Getting Started with NAMD
NAMD is a parallel molecular dynamics code designed for high-performance computing. For any system with a parameterized force field, NAMD can be used to compute the evolution of forces on atoms over time. NAMD is maintained by a dedicated group at the University of Illinois at Urbana-Champaign who regularly provide updates implementing some of the most current molecular simulation techniques available. For information, see the UIUC NAMD page. The Theoretical and Computational Biophysics Group at UIUC maintains an extensive set of tutorials designed to help users both create the necessary simulation input files and perform appropriate data analysis. To take one of these tutorials, see the UIUC NAMD Tutorials page. Users are encouraged to familiarize themselves with the necessary input files through these tutorials.
At this writing, two versions of NAMD have been compiled for use on the cluster, NAMD 2.9 and NAMD-2.9 with CUDA. NAMD 2.9 is for use on the basic compute nodes, NAMD 2.9 with CUDA for the GPU enabled nodes. GPU usage will be discussed below. Each of these versions is available through the module load command. To see which NAMD modules are available at any time, use the module avail namd command. To see which modules you have installed in your current login session, use the module list command. For more information, see the module command web page.
If you do not currently have the NAMD module you need loaded, you can load it for the current session with the module load NAMD/2.9 or the module load NAMD/2.9-cuda commands.

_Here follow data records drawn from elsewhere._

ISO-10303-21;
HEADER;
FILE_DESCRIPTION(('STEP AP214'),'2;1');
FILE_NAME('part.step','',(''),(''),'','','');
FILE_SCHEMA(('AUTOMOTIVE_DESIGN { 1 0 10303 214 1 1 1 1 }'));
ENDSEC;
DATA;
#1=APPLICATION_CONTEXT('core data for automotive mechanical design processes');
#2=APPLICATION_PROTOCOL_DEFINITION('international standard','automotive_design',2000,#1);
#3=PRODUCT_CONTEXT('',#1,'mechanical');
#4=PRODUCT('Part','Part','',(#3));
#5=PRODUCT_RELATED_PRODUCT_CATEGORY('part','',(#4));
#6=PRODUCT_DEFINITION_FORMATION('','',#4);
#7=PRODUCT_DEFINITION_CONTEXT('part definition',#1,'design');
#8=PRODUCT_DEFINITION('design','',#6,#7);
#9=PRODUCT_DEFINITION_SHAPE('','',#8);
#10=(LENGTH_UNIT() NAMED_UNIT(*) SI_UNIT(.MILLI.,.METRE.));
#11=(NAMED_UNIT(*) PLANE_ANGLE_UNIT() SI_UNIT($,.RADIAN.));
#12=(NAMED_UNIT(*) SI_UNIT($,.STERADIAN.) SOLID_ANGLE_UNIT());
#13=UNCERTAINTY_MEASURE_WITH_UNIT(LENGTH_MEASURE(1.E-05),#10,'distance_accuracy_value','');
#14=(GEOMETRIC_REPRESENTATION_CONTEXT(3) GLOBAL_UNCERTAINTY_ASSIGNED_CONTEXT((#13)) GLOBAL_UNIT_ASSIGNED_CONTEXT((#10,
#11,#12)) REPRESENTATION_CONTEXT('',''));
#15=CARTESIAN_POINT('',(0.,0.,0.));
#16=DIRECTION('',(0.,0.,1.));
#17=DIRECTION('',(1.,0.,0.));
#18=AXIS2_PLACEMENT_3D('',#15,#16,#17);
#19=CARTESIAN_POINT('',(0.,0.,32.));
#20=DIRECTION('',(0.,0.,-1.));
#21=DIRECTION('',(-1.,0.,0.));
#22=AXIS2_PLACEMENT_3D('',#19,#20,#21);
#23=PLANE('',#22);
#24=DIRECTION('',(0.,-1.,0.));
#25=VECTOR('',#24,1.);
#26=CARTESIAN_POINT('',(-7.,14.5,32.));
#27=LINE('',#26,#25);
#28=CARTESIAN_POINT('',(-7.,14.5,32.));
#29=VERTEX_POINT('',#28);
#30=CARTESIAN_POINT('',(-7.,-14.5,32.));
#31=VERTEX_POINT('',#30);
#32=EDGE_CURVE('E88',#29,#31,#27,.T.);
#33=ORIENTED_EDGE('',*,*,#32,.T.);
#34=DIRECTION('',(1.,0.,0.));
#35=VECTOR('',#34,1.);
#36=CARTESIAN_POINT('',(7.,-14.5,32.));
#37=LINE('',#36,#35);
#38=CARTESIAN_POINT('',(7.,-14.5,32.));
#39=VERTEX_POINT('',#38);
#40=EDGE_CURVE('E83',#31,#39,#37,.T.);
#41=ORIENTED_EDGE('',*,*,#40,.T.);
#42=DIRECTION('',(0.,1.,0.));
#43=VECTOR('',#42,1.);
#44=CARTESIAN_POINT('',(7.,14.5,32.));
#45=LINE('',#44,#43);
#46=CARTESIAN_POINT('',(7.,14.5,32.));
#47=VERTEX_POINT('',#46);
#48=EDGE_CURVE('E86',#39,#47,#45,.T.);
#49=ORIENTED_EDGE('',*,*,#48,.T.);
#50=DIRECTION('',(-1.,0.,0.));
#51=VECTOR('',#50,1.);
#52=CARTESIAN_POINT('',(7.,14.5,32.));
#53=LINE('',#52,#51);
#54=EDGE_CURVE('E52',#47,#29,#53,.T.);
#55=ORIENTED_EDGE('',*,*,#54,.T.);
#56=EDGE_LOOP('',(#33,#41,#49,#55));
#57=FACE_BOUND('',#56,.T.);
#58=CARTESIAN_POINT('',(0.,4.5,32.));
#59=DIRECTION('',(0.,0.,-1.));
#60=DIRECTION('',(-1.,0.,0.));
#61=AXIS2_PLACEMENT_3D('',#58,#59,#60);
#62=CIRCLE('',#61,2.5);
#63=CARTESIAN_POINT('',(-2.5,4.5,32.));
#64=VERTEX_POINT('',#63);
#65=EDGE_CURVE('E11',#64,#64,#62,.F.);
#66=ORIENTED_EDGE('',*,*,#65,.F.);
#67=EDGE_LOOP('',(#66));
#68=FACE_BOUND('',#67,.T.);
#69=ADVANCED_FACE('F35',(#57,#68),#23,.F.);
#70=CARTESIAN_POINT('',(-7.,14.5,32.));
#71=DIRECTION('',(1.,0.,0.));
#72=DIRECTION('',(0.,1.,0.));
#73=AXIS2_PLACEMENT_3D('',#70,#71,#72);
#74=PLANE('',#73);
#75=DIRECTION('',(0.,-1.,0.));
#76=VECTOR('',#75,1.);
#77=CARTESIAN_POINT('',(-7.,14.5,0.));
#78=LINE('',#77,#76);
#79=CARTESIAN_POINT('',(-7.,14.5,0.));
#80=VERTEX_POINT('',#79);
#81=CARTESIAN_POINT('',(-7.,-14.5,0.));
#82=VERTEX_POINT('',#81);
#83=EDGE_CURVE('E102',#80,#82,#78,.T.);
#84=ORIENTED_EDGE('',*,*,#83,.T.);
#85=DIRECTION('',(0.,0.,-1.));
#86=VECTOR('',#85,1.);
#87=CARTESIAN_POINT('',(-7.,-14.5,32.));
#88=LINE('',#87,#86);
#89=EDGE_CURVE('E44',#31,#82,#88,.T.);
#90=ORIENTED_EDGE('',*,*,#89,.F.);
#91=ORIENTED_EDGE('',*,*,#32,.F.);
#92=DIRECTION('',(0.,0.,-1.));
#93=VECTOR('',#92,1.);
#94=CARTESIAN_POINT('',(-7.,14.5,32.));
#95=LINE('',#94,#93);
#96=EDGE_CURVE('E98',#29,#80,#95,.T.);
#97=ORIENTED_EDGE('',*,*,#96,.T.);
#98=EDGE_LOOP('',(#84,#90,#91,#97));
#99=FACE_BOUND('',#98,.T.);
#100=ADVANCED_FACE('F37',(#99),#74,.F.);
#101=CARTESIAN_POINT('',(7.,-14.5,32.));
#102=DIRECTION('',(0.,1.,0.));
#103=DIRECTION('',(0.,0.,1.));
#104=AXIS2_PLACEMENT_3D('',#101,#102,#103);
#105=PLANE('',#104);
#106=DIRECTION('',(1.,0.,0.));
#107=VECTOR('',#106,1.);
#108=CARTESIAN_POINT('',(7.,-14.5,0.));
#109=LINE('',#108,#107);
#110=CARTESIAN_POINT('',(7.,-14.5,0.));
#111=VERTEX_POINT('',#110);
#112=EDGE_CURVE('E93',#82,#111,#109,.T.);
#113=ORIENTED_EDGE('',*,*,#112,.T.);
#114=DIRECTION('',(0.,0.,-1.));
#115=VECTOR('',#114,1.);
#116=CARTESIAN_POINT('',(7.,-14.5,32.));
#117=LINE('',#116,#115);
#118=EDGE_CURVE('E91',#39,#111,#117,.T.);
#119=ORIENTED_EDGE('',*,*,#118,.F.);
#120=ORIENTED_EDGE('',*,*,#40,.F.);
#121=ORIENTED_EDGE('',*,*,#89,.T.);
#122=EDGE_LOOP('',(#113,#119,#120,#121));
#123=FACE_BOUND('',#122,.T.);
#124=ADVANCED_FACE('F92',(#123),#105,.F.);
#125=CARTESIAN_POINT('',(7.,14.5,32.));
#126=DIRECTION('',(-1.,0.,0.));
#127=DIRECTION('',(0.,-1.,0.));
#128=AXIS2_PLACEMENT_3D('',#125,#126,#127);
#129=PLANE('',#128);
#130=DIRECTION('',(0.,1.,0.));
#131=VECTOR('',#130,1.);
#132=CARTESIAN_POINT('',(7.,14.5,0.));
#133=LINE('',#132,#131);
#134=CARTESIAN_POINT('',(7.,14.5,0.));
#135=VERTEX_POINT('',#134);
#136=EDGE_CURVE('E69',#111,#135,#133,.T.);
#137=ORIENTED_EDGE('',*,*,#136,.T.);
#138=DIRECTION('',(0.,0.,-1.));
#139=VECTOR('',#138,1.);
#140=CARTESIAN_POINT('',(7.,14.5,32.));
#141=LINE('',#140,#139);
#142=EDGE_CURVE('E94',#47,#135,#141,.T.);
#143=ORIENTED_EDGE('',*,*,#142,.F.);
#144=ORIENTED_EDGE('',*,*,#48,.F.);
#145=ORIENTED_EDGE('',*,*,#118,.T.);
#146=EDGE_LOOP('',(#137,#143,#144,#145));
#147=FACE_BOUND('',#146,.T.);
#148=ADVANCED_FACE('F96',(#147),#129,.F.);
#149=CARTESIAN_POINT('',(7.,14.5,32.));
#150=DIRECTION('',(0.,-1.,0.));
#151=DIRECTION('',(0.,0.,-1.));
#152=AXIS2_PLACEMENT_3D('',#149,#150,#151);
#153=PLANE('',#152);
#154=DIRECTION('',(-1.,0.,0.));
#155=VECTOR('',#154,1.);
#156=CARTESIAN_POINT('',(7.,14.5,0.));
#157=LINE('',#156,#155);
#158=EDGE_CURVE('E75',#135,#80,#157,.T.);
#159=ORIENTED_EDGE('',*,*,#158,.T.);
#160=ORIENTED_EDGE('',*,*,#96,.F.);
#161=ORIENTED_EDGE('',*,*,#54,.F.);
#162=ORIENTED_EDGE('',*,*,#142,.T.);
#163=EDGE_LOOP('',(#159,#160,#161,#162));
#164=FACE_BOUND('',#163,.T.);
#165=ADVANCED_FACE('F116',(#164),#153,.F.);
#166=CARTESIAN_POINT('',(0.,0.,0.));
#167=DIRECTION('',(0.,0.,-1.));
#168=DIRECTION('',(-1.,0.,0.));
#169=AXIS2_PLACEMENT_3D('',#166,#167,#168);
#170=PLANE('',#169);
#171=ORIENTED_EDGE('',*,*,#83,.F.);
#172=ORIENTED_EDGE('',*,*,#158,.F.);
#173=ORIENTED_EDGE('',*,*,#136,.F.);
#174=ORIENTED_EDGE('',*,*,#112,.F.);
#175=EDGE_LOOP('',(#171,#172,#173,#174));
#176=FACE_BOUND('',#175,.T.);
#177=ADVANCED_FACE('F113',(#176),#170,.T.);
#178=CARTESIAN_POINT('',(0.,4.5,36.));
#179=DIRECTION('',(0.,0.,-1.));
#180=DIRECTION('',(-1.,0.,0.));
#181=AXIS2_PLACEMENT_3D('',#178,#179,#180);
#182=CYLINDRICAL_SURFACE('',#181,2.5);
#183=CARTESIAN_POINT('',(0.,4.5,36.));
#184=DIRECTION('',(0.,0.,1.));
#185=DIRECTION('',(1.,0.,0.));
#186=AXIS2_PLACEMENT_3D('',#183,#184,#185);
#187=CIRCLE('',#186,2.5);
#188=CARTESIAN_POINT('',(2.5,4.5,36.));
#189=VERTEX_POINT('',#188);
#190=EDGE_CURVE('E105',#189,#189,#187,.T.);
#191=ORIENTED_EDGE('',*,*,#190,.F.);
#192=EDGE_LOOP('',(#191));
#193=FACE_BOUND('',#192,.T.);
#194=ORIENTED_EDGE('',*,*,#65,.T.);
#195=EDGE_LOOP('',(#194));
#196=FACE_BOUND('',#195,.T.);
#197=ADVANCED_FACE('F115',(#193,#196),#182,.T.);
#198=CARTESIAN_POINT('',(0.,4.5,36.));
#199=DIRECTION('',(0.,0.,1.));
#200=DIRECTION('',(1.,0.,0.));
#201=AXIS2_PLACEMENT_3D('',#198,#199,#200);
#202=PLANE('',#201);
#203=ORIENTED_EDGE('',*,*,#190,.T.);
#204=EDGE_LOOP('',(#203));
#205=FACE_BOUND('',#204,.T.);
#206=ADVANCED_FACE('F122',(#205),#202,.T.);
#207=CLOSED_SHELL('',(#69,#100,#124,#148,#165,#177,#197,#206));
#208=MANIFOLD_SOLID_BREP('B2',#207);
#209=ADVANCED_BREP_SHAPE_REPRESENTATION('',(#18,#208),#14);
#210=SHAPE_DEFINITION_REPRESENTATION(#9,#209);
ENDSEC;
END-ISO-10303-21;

To load the NAMD module automatically each time you login, add the module load command to your login profile (.bashrc, .bash_profile, .login, .cshrc, or whatever). These are hidden files in your home directory; type the command ls –al to see the hidden files. Unless you have changed it, you will be using the bash shell, and you would edit the .bashrc or .bash_profile files. Here is an example .bashrc file:
# User specific aliases and functions
# Source global definitions
if [ -f /etc/bashrc ]; then
# load any desired persistent modules here; see man module
# eg module load foo
# to see modules loaded by default run: module list
#module load amber/9/openmpi/default
if [ -n "$MODULESHOME" ]; then
module load NAMD/2.9
Once you add the module load command to your login profile, issue the source ~/.bashrc command. Now, each time you login the module will be loaded automatically. Use the module list or the which namd2 commands to make sure the NAMD module has actually loaded. If not, something has gone awry!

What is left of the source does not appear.